Auf die Frage der konkreten Gefährdung des Eigentums, wie sie vom LSG-NRW in der Entscheidung vom 25.11.2010 (L 7 AS 57/08 Rd.-Nr. 56 ff., zitiert nach Juris) gefordert wurde, kommt es vorliegend aus Sicht des Senats nicht an, denn die Kläger haben mit der nachrangigen Vormerkung keine geschützte Vermögensposition.

Die Kläger verfügten auch über kein den Bedarf zunächst verminderndes einzusetzendes Vermögen, denn die Lebensversicherung des Klägers zu 1) mit einem Rückkaufswert von 8.000 EUR unterfällt dem Schonvermögen der Kläger nach § 12 Abs. 1, 1a S. 2 SGB II. Selbst das Haus unterfiele bei einer Größe von 100 m2 dem Schonvermögen des § 12 Abs. 3 Nr. 4 SGB II, da es selbst genutzt wird und eine angemessene Größe hat. Insoweit ist auf die Werte des zweiten Wohnungsbauförderungsgesetzes abzustellen, das bei vier Personen auf eine angemessene Größe von 120 m2 abstellt.

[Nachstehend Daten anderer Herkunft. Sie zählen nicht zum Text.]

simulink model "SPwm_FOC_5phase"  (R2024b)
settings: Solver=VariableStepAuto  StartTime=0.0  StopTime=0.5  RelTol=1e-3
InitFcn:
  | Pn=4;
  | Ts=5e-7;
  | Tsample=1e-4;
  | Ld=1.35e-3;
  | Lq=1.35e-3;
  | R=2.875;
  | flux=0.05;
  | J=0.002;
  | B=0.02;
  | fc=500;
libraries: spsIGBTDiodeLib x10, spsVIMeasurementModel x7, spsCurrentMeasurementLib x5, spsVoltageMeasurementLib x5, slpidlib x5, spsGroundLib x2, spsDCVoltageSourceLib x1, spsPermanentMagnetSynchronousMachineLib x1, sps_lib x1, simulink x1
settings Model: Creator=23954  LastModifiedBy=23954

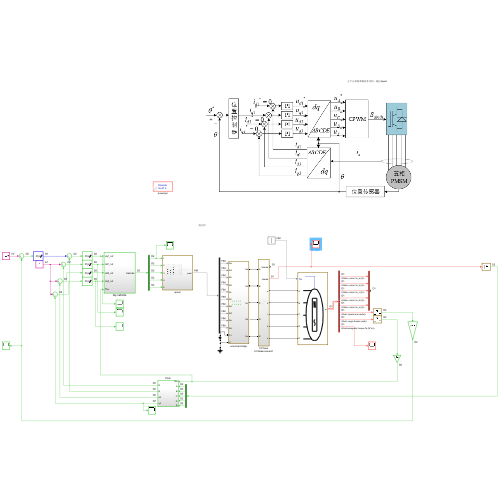
[thumbnail: Simulink's stored preview of the top-level diagram]
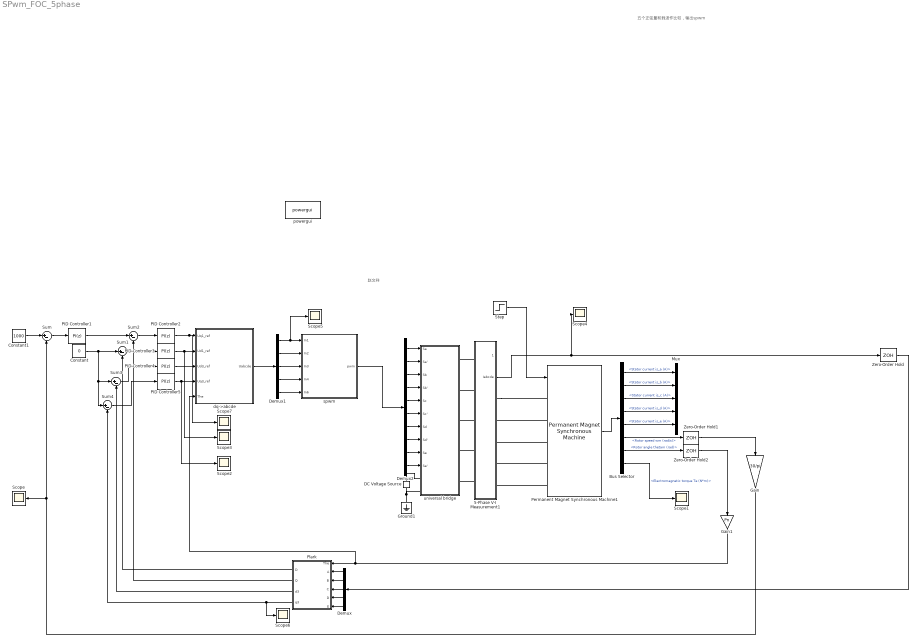
== system SPwm_FOC_5phase ==
  note: 赵文祥
  note: 五个正弦量和载波作比较，输出spwm
  5-Phase V-I Measurement1 : Subsystem
  Bus Selector : BusSelector  OutputSignals=Stator current is_a (A),Stator current is_b (A),Stator current is_c (A),Stator current is_d (A),Stator current is_e (A),Rotor speed wm (rad/s),Rotor angle thetam (rad),Electromagnetic torque Te (N*m)
  Constant : Constant  Value=0
  Constant1 : Constant  Value=1000
  DC Voltage Source : spsDCVoltageSourceLib/DC Voltage Source  Amplitude=311  Measurements=None
  Demux : Demux  Outputs=5
  Demux1 : Demux  Outputs=5
  Demux2 : Demux  Outputs=10
  Gain : Gain  Gain=30/pi
  Gain1 : Gain  Gain=Pn
  Ground1 : spsGroundLib/Ground  LConnTagsString=a
  Mux : Mux  Inputs=5
  PID Controller1 : slpidlib/PID Controller  Controller=PI  Form=Parallel  TimeDomain=Discrete-time  UseExternalTs=off  SampleTime=1e-3  IntegratorMethod=Forward Euler  FilterMethod=Forward Euler  ControllerParametersSource=internal  P=0.02  I=0.02*20  UseKiTs=off  D=0  UseExternalDerivativeSource=off  N=100  UseFilter=on  TunerSelectOption=Transfer Function Based (PID Tuner App)  InitialConditionSource=internal  InitialConditionForIntegrator=0  InitialConditionForFilter=0  DifferentiatorICPrevScaledInput=0  ExternalReset=none  TrackingMode=off  Kt=1  LimitOutput=on  SatLimitsSource=internal  UpperSaturationLimit=150  LowerSaturationLimit=-150  LinearizeAsGain=on  AntiWindupMode=none  Kb=1  LimitIntegrator=off  UpperIntegratorSaturationLimit=inf  LowerIntegratorSaturationLimit=-inf  POutMin=[]  POutMax=[]  IOutMin=[]  IOutMax=[]  DOutMin=[]  DOutMax=[]  NOutMin=[]  NOutMax=[]  SumOutMin=[]  SumOutMax=[]  SaturationOutMin=[]  SaturationOutMax=[]  PParamMin=[]  PParamMax=[]  IParamMin=[]  IParamMax=[]  DParamMin=[]  DParamMax=[]  NParamMin=[]  NParamMax=[]  KbParamMin=[]  KbParamMax=[]  KtParamMin=[]  KtParamMax=[]  KbOutMin=[]  KbOutMax=[]  KtOutMin=[]  KtOutMax=[]  IntegratorOutMin=[]  IntegratorOutMax=[]  FilterOutMin=[]  FilterOutMax=[]  SumI1OutMin=[]  SumI1OutMax=[]  SumI2OutMin=[]  SumI2OutMax=[]  SumI3OutMin=[]  SumI3OutMax=[]  SumI4OutMin=[]  SumI4OutMax=[]  SumDOutMin=[]  SumDOutMax=[]  DifferentiatorOutMin=[]  DifferentiatorOutMax=[]  FilterDiffOutCoefMin=[]  FilterDiffOutCoefMax=[]  ReciprocalOutMin=[]  ReciprocalOutMax=[]  SumDenOutMin=[]  SumDenOutMax=[]  SumNumOutMin=[]  SumNumOutMax=[]  DivideOutMin=[]  DivideOutMax=[]  UdiffTsProdOutMin=[]  UdiffTsProdOutMax=[]  NTsProdOutMin=[]  NTsProdOutMax=[]  UintegralTsProdOutMin=[]  UintegralTsProdOutMax=[]  UngainTsProdOutMin=[]  UngainTsProdOutMax=[]  ClampingZeroOutDataTypeStr=Inherit: Inherit via back propagation  ClampingZeroOutMin=[]  ClampingZeroOutMax=[]  FilterDenConstantOutDataTypeStr=Inherit: Inherit via back propagation  FilterDenConstantOutMin=[]  FilterDenConstantOutMax=[]  PCopyOutDataTypeStr=Inherit: Inherit via back propagation  PCopyOutMin=[]  PCopyOutMax=[]  NCopyOutDataTypeStr=Inherit: Inherit via back propagation  NCopyOutMin=[]  NCopyOutMax=[]  IntegratorContinuousStateAttributes=''  IntegratorStateMustResolveToSignalObject=off  IntegratorRTWStateStorageClass=Auto  FilterContinuousStateAttributes=''  FilterStateMustResolveToSignalObject=off  FilterRTWStateStorageClass=Auto  ParallelPVariant=InternalParameters  IdealPVariant=Disabled  IVariant=InternalParameters  DVariant=Disabled  IntegratorVariant=Discrete  SatVariant=Enabled  AWVariant=Passthrough  PCopyVariant=Disabled  TRVariant=Disabled  FdbkBlocksVariant=Forward  IdealPFdbkVariant=Disabled  SatFdbkVariant=Disabled  DerivativeFilterVariant=Disabled  NVariant=Disabled  NCopyVariant=Disabled_SignalSpec  FilterICVariant=Disabled  IntegratorICVariant=InternalICs  ExternalResetVariant=Disabled  TRSumVariant=Passthrough  SumFdbkVariant=Disabled  SumVariant=Sum_PI  TsampFilterVariant=InternalTs  TsampNgainVariant=Passthrough  TsampIntegralVariant=Disabled_SignalSpec  ExternalSaturationOutDataTypeStr=Inherit: Same as second input  DerivativeSourceVariant=Disabled  PreIntVariant=InternalPreInt
  PID Controller2 : slpidlib/PID Controller  Controller=PI  Form=Parallel  TimeDomain=Discrete-time  UseExternalTs=off  SampleTime=Tsample  IntegratorMethod=Forward Euler  FilterMethod=Forward Euler  ControllerParametersSource=internal  P=Lq*1000  I=R*1100  UseKiTs=off  D=0  UseExternalDerivativeSource=off  N=100  UseFilter=on  TunerSelectOption=Transfer Function Based (PID Tuner App)  InitialConditionSource=internal  InitialConditionForIntegrator=0  InitialConditionForFilter=0  DifferentiatorICPrevScaledInput=0  ExternalReset=none  TrackingMode=off  Kt=1  LimitOutput=on  SatLimitsSource=internal  UpperSaturationLimit=150  LowerSaturationLimit=-150  LinearizeAsGain=on  AntiWindupMode=none  Kb=1  LimitIntegrator=off  UpperIntegratorSaturationLimit=inf  LowerIntegratorSaturationLimit=-inf  POutMin=[]  POutMax=[]  IOutMin=[]  IOutMax=[]  DOutMin=[]  DOutMax=[]  NOutMin=[]  NOutMax=[]  SumOutMin=[]  SumOutMax=[]  SaturationOutMin=[]  SaturationOutMax=[]  PParamMin=[]  PParamMax=[]  IParamMin=[]  IParamMax=[]  DParamMin=[]  DParamMax=[]  NParamMin=[]  NParamMax=[]  KbParamMin=[]  KbParamMax=[]  KtParamMin=[]  KtParamMax=[]  KbOutMin=[]  KbOutMax=[]  KtOutMin=[]  KtOutMax=[]  IntegratorOutMin=[]  IntegratorOutMax=[]  FilterOutMin=[]  FilterOutMax=[]  SumI1OutMin=[]  SumI1OutMax=[]  SumI2OutMin=[]  SumI2OutMax=[]  SumI3OutMin=[]  SumI3OutMax=[]  SumI4OutMin=[]  SumI4OutMax=[]  SumDOutMin=[]  SumDOutMax=[]  DifferentiatorOutMin=[]  DifferentiatorOutMax=[]  FilterDiffOutCoefMin=[]  FilterDiffOutCoefMax=[]  ReciprocalOutMin=[]  ReciprocalOutMax=[]  SumDenOutMin=[]  SumDenOutMax=[]  SumNumOutMin=[]  SumNumOutMax=[]  DivideOutMin=[]  DivideOutMax=[]  UdiffTsProdOutMin=[]  UdiffTsProdOutMax=[]  NTsProdOutMin=[]  NTsProdOutMax=[]  UintegralTsProdOutMin=[]  UintegralTsProdOutMax=[]  UngainTsProdOutMin=[]  UngainTsProdOutMax=[]  ClampingZeroOutDataTypeStr=Inherit: Inherit via back propagation  ClampingZeroOutMin=[]  ClampingZeroOutMax=[]  FilterDenConstantOutDataTypeStr=Inherit: Inherit via back propagation  FilterDenConstantOutMin=[]  FilterDenConstantOutMax=[]  PCopyOutDataTypeStr=Inherit: Inherit via back propagation  PCopyOutMin=[]  PCopyOutMax=[]  NCopyOutDataTypeStr=Inherit: Inherit via back propagation  NCopyOutMin=[]  NCopyOutMax=[]  IntegratorContinuousStateAttributes=''  IntegratorStateMustResolveToSignalObject=off  IntegratorRTWStateStorageClass=Auto  FilterContinuousStateAttributes=''  FilterStateMustResolveToSignalObject=off  FilterRTWStateStorageClass=Auto  ParallelPVariant=InternalParameters  IdealPVariant=Disabled  IVariant=InternalParameters  DVariant=Disabled  IntegratorVariant=Discrete  SatVariant=Enabled  AWVariant=Passthrough  PCopyVariant=Disabled  TRVariant=Disabled  FdbkBlocksVariant=Forward  IdealPFdbkVariant=Disabled  SatFdbkVariant=Disabled  DerivativeFilterVariant=Disabled  NVariant=Disabled  NCopyVariant=Disabled_SignalSpec  FilterICVariant=Disabled  IntegratorICVariant=InternalICs  ExternalResetVariant=Disabled  TRSumVariant=Passthrough  SumFdbkVariant=Disabled  SumVariant=Sum_PI  TsampFilterVariant=InternalTs  TsampNgainVariant=Passthrough  TsampIntegralVariant=Disabled_SignalSpec  ExternalSaturationOutDataTypeStr=Inherit: Same as second input  DerivativeSourceVariant=Disabled  PreIntVariant=InternalPreInt
  PID Controller3 : slpidlib/PID Controller  Controller=PI  Form=Parallel  TimeDomain=Discrete-time  UseExternalTs=off  SampleTime=Tsample  IntegratorMethod=Forward Euler  FilterMethod=Forward Euler  ControllerParametersSource=internal  P=Ld*1000  I=R*1100  UseKiTs=off  D=0  UseExternalDerivativeSource=off  N=100  UseFilter=on  TunerSelectOption=Transfer Function Based (PID Tuner App)  InitialConditionSource=internal  InitialConditionForIntegrator=0  InitialConditionForFilter=0  DifferentiatorICPrevScaledInput=0  ExternalReset=none  TrackingMode=off  Kt=1  LimitOutput=on  SatLimitsSource=internal  UpperSaturationLimit=150  LowerSaturationLimit=-150  LinearizeAsGain=on  AntiWindupMode=none  Kb=1  LimitIntegrator=off  UpperIntegratorSaturationLimit=inf  LowerIntegratorSaturationLimit=-inf  POutMin=[]  POutMax=[]  IOutMin=[]  IOutMax=[]  DOutMin=[]  DOutMax=[]  NOutMin=[]  NOutMax=[]  SumOutMin=[]  SumOutMax=[]  SaturationOutMin=[]  SaturationOutMax=[]  PParamMin=[]  PParamMax=[]  IParamMin=[]  IParamMax=[]  DParamMin=[]  DParamMax=[]  NParamMin=[]  NParamMax=[]  KbParamMin=[]  KbParamMax=[]  KtParamMin=[]  KtParamMax=[]  KbOutMin=[]  KbOutMax=[]  KtOutMin=[]  KtOutMax=[]  IntegratorOutMin=[]  IntegratorOutMax=[]  FilterOutMin=[]  FilterOutMax=[]  SumI1OutMin=[]  SumI1OutMax=[]  SumI2OutMin=[]  SumI2OutMax=[]  SumI3OutMin=[]  SumI3OutMax=[]  SumI4OutMin=[]  SumI4OutMax=[]  SumDOutMin=[]  SumDOutMax=[]  DifferentiatorOutMin=[]  DifferentiatorOutMax=[]  FilterDiffOutCoefMin=[]  FilterDiffOutCoefMax=[]  ReciprocalOutMin=[]  ReciprocalOutMax=[]  SumDenOutMin=[]  SumDenOutMax=[]  SumNumOutMin=[]  SumNumOutMax=[]  DivideOutMin=[]  DivideOutMax=[]  UdiffTsProdOutMin=[]  UdiffTsProdOutMax=[]  NTsProdOutMin=[]  NTsProdOutMax=[]  UintegralTsProdOutMin=[]  UintegralTsProdOutMax=[]  UngainTsProdOutMin=[]  UngainTsProdOutMax=[]  ClampingZeroOutDataTypeStr=Inherit: Inherit via back propagation  ClampingZeroOutMin=[]  ClampingZeroOutMax=[]  FilterDenConstantOutDataTypeStr=Inherit: Inherit via back propagation  FilterDenConstantOutMin=[]  FilterDenConstantOutMax=[]  PCopyOutDataTypeStr=Inherit: Inherit via back propagation  PCopyOutMin=[]  PCopyOutMax=[]  NCopyOutDataTypeStr=Inherit: Inherit via back propagation  NCopyOutMin=[]  NCopyOutMax=[]  IntegratorContinuousStateAttributes=''  IntegratorStateMustResolveToSignalObject=off  IntegratorRTWStateStorageClass=Auto  FilterContinuousStateAttributes=''  FilterStateMustResolveToSignalObject=off  FilterRTWStateStorageClass=Auto  ParallelPVariant=InternalParameters  IdealPVariant=Disabled  IVariant=InternalParameters  DVariant=Disabled  IntegratorVariant=Discrete  SatVariant=Enabled  AWVariant=Passthrough  PCopyVariant=Disabled  TRVariant=Disabled  FdbkBlocksVariant=Forward  IdealPFdbkVariant=Disabled  SatFdbkVariant=Disabled  DerivativeFilterVariant=Disabled  NVariant=Disabled  NCopyVariant=Disabled_SignalSpec  FilterICVariant=Disabled  IntegratorICVariant=InternalICs  ExternalResetVariant=Disabled  TRSumVariant=Passthrough  SumFdbkVariant=Disabled  SumVariant=Sum_PI  TsampFilterVariant=InternalTs  TsampNgainVariant=Passthrough  TsampIntegralVariant=Disabled_SignalSpec  ExternalSaturationOutDataTypeStr=Inherit: Same as second input  DerivativeSourceVariant=Disabled  PreIntVariant=InternalPreInt
  PID Controller4 : slpidlib/PID Controller  Controller=PI  Form=Parallel  TimeDomain=Discrete-time  UseExternalTs=off  SampleTime=Tsample  IntegratorMethod=Forward Euler  FilterMethod=Forward Euler  ControllerParametersSource=internal  P=Ld*1000  I=R*1100  UseKiTs=off  D=0  UseExternalDerivativeSource=off  N=100  UseFilter=on  TunerSelectOption=Transfer Function Based (PID Tuner App)  InitialConditionSource=internal  InitialConditionForIntegrator=0  InitialConditionForFilter=0  DifferentiatorICPrevScaledInput=0  ExternalReset=none  TrackingMode=off  Kt=1  LimitOutput=on  SatLimitsSource=internal  UpperSaturationLimit=150  LowerSaturationLimit=-150  LinearizeAsGain=on  AntiWindupMode=none  Kb=1  LimitIntegrator=off  UpperIntegratorSaturationLimit=inf  LowerIntegratorSaturationLimit=-inf  POutMin=[]  POutMax=[]  IOutMin=[]  IOutMax=[]  DOutMin=[]  DOutMax=[]  NOutMin=[]  NOutMax=[]  SumOutMin=[]  SumOutMax=[]  SaturationOutMin=[]  SaturationOutMax=[]  PParamMin=[]  PParamMax=[]  IParamMin=[]  IParamMax=[]  DParamMin=[]  DParamMax=[]  NParamMin=[]  NParamMax=[]  KbParamMin=[]  KbParamMax=[]  KtParamMin=[]  KtParamMax=[]  KbOutMin=[]  KbOutMax=[]  KtOutMin=[]  KtOutMax=[]  IntegratorOutMin=[]  IntegratorOutMax=[]  FilterOutMin=[]  FilterOutMax=[]  SumI1OutMin=[]  SumI1OutMax=[]  SumI2OutMin=[]  SumI2OutMax=[]  SumI3OutMin=[]  SumI3OutMax=[]  SumI4OutMin=[]  SumI4OutMax=[]  SumDOutMin=[]  SumDOutMax=[]  DifferentiatorOutMin=[]  DifferentiatorOutMax=[]  FilterDiffOutCoefMin=[]  FilterDiffOutCoefMax=[]  ReciprocalOutMin=[]  ReciprocalOutMax=[]  SumDenOutMin=[]  SumDenOutMax=[]  SumNumOutMin=[]  SumNumOutMax=[]  DivideOutMin=[]  DivideOutMax=[]  UdiffTsProdOutMin=[]  UdiffTsProdOutMax=[]  NTsProdOutMin=[]  NTsProdOutMax=[]  UintegralTsProdOutMin=[]  UintegralTsProdOutMax=[]  UngainTsProdOutMin=[]  UngainTsProdOutMax=[]  ClampingZeroOutDataTypeStr=Inherit: Inherit via back propagation  ClampingZeroOutMin=[]  ClampingZeroOutMax=[]  FilterDenConstantOutDataTypeStr=Inherit: Inherit via back propagation  FilterDenConstantOutMin=[]  FilterDenConstantOutMax=[]  PCopyOutDataTypeStr=Inherit: Inherit via back propagation  PCopyOutMin=[]  PCopyOutMax=[]  NCopyOutDataTypeStr=Inherit: Inherit via back propagation  NCopyOutMin=[]  NCopyOutMax=[]  IntegratorContinuousStateAttributes=''  IntegratorStateMustResolveToSignalObject=off  IntegratorRTWStateStorageClass=Auto  FilterContinuousStateAttributes=''  FilterStateMustResolveToSignalObject=off  FilterRTWStateStorageClass=Auto  ParallelPVariant=InternalParameters  IdealPVariant=Disabled  IVariant=InternalParameters  DVariant=Disabled  IntegratorVariant=Discrete  SatVariant=Enabled  AWVariant=Passthrough  PCopyVariant=Disabled  TRVariant=Disabled  FdbkBlocksVariant=Forward  IdealPFdbkVariant=Disabled  SatFdbkVariant=Disabled  DerivativeFilterVariant=Disabled  NVariant=Disabled  NCopyVariant=Disabled_SignalSpec  FilterICVariant=Disabled  IntegratorICVariant=InternalICs  ExternalResetVariant=Disabled  TRSumVariant=Passthrough  SumFdbkVariant=Disabled  SumVariant=Sum_PI  TsampFilterVariant=InternalTs  TsampNgainVariant=Passthrough  TsampIntegralVariant=Disabled_SignalSpec  ExternalSaturationOutDataTypeStr=Inherit: Same as second input  DerivativeSourceVariant=Disabled  PreIntVariant=InternalPreInt
  PID Controller5 : slpidlib/PID Controller  Controller=PI  Form=Parallel  TimeDomain=Discrete-time  UseExternalTs=off  SampleTime=Tsample  IntegratorMethod=Forward Euler  FilterMethod=Forward Euler  ControllerParametersSource=internal  P=Lq*1000  I=R*1100  UseKiTs=off  D=0  UseExternalDerivativeSource=off  N=100  UseFilter=on  TunerSelectOption=Transfer Function Based (PID Tuner App)  InitialConditionSource=internal  InitialConditionForIntegrator=0  InitialConditionForFilter=0  DifferentiatorICPrevScaledInput=0  ExternalReset=none  TrackingMode=off  Kt=1  LimitOutput=on  SatLimitsSource=internal  UpperSaturationLimit=150  LowerSaturationLimit=-150  LinearizeAsGain=on  AntiWindupMode=none  Kb=1  LimitIntegrator=off  UpperIntegratorSaturationLimit=inf  LowerIntegratorSaturationLimit=-inf  POutMin=[]  POutMax=[]  IOutMin=[]  IOutMax=[]  DOutMin=[]  DOutMax=[]  NOutMin=[]  NOutMax=[]  SumOutMin=[]  SumOutMax=[]  SaturationOutMin=[]  SaturationOutMax=[]  PParamMin=[]  PParamMax=[]  IParamMin=[]  IParamMax=[]  DParamMin=[]  DParamMax=[]  NParamMin=[]  NParamMax=[]  KbParamMin=[]  KbParamMax=[]  KtParamMin=[]  KtParamMax=[]  KbOutMin=[]  KbOutMax=[]  KtOutMin=[]  KtOutMax=[]  IntegratorOutMin=[]  IntegratorOutMax=[]  FilterOutMin=[]  FilterOutMax=[]  SumI1OutMin=[]  SumI1OutMax=[]  SumI2OutMin=[]  SumI2OutMax=[]  SumI3OutMin=[]  SumI3OutMax=[]  SumI4OutMin=[]  SumI4OutMax=[]  SumDOutMin=[]  SumDOutMax=[]  DifferentiatorOutMin=[]  DifferentiatorOutMax=[]  FilterDiffOutCoefMin=[]  FilterDiffOutCoefMax=[]  ReciprocalOutMin=[]  ReciprocalOutMax=[]  SumDenOutMin=[]  SumDenOutMax=[]  SumNumOutMin=[]  SumNumOutMax=[]  DivideOutMin=[]  DivideOutMax=[]  UdiffTsProdOutMin=[]  UdiffTsProdOutMax=[]  NTsProdOutMin=[]  NTsProdOutMax=[]  UintegralTsProdOutMin=[]  UintegralTsProdOutMax=[]  UngainTsProdOutMin=[]  UngainTsProdOutMax=[]  ClampingZeroOutDataTypeStr=Inherit: Inherit via back propagation  ClampingZeroOutMin=[]  ClampingZeroOutMax=[]  FilterDenConstantOutDataTypeStr=Inherit: Inherit via back propagation  FilterDenConstantOutMin=[]  FilterDenConstantOutMax=[]  PCopyOutDataTypeStr=Inherit: Inherit via back propagation  PCopyOutMin=[]  PCopyOutMax=[]  NCopyOutDataTypeStr=Inherit: Inherit via back propagation  NCopyOutMin=[]  NCopyOutMax=[]  IntegratorContinuousStateAttributes=''  IntegratorStateMustResolveToSignalObject=off  IntegratorRTWStateStorageClass=Auto  FilterContinuousStateAttributes=''  FilterStateMustResolveToSignalObject=off  FilterRTWStateStorageClass=Auto  ParallelPVariant=InternalParameters  IdealPVariant=Disabled  IVariant=InternalParameters  DVariant=Disabled  IntegratorVariant=Discrete  SatVariant=Enabled  AWVariant=Passthrough  PCopyVariant=Disabled  TRVariant=Disabled  FdbkBlocksVariant=Forward  IdealPFdbkVariant=Disabled  SatFdbkVariant=Disabled  DerivativeFilterVariant=Disabled  NVariant=Disabled  NCopyVariant=Disabled_SignalSpec  FilterICVariant=Disabled  IntegratorICVariant=InternalICs  ExternalResetVariant=Disabled  TRSumVariant=Passthrough  SumFdbkVariant=Disabled  SumVariant=Sum_PI  TsampFilterVariant=InternalTs  TsampNgainVariant=Passthrough  TsampIntegralVariant=Disabled_SignalSpec  ExternalSaturationOutDataTypeStr=Inherit: Same as second input  DerivativeSourceVariant=Disabled  PreIntVariant=InternalPreInt
  Permanent Magnet Synchronous Machine1 : spsPermanentMagnetSynchronousMachineLib/Permanent Magnet Synchronous Machine  NbPhases=5  FluxDistribution=Sinusoidal  RotorType=Round  MechanicalLoad=Torque Tm  PresetModel=No  ShowDetailedParameters=on  MeasurementBus=off  Resistance=R  Inductance=8.5e-3  dqInductances=[8.5e-3,8.5e-3]  La=Ld  MachineConstant=Flux linkage established by magnets (V.s)  Flux=flux  VoltageCst=24.6211  TorqueCst=0.5  Flat=120  Mechanical=[J B Pn 0]  PolePairs=4  InitialConditions=[0,0, 0,0]  InitialConditions5ph=[0 0 0 0 0 0]  RefAngle=Aligned with phase A axis (original Park)  IterativeDiscreteModel=Trapezoidal non iterative  TsBlock=-1  TsPowergui=0
  Plark : Subsystem
  Scope{,1..7} (8 alike) : Scope
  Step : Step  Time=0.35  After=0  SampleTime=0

b) Die Tilgungsraten sind auch angemessen. Die Finanzierungskosten einschließlich der Tilgungsleistungen können insgesamt vom Grundsicherungsträger nur bis zu der Höhe übernommen werden, die ein Hilfebedürftiger auch bei einer angemessenen Mietwohnung als Kosten der Unterkunft zu tragen hätte (BSG, a.a.O., Rdnr. 28). Nach Auffassung des Senats halten sich die von den Klägern geltend gemachten KdU auch im Rahmen der Angemessenheit der Kosten für Mietwohnungen (BSG, a.a.O., Nr. 28). Die Kläger bewohnten mit zunächst fünf und ab Mai 2006 dann sechs Personen ein 100 m2 großes Haus. Selbst bei Anwendung der Richtlinien des Beklagten, wobei hierbei nichts darüber gesagt ist, ob diese die Anforderungen an ein sogenanntes „schlüssiges Konzept“ im Sinne der Rechtsprechung des BSG erfüllen, sehen bei Bedarfsgemeinschaften von fünf Personen eine Mietwohnfläche von 95 bis 105 m2 vor und für eine weitere Person weitere 10 bis 15 m2 vor. Für Hauseigentum ist bei einer Größe von fünf Personen eine Angemessenheitsgrenze von 150 m2 vorgesehen, bei sechs Personen sogar 170 m2. Danach ist die Wohnfläche des Hauses von 100 m2 für fünf bzw. sechs Personen als angemessen zu bewerten.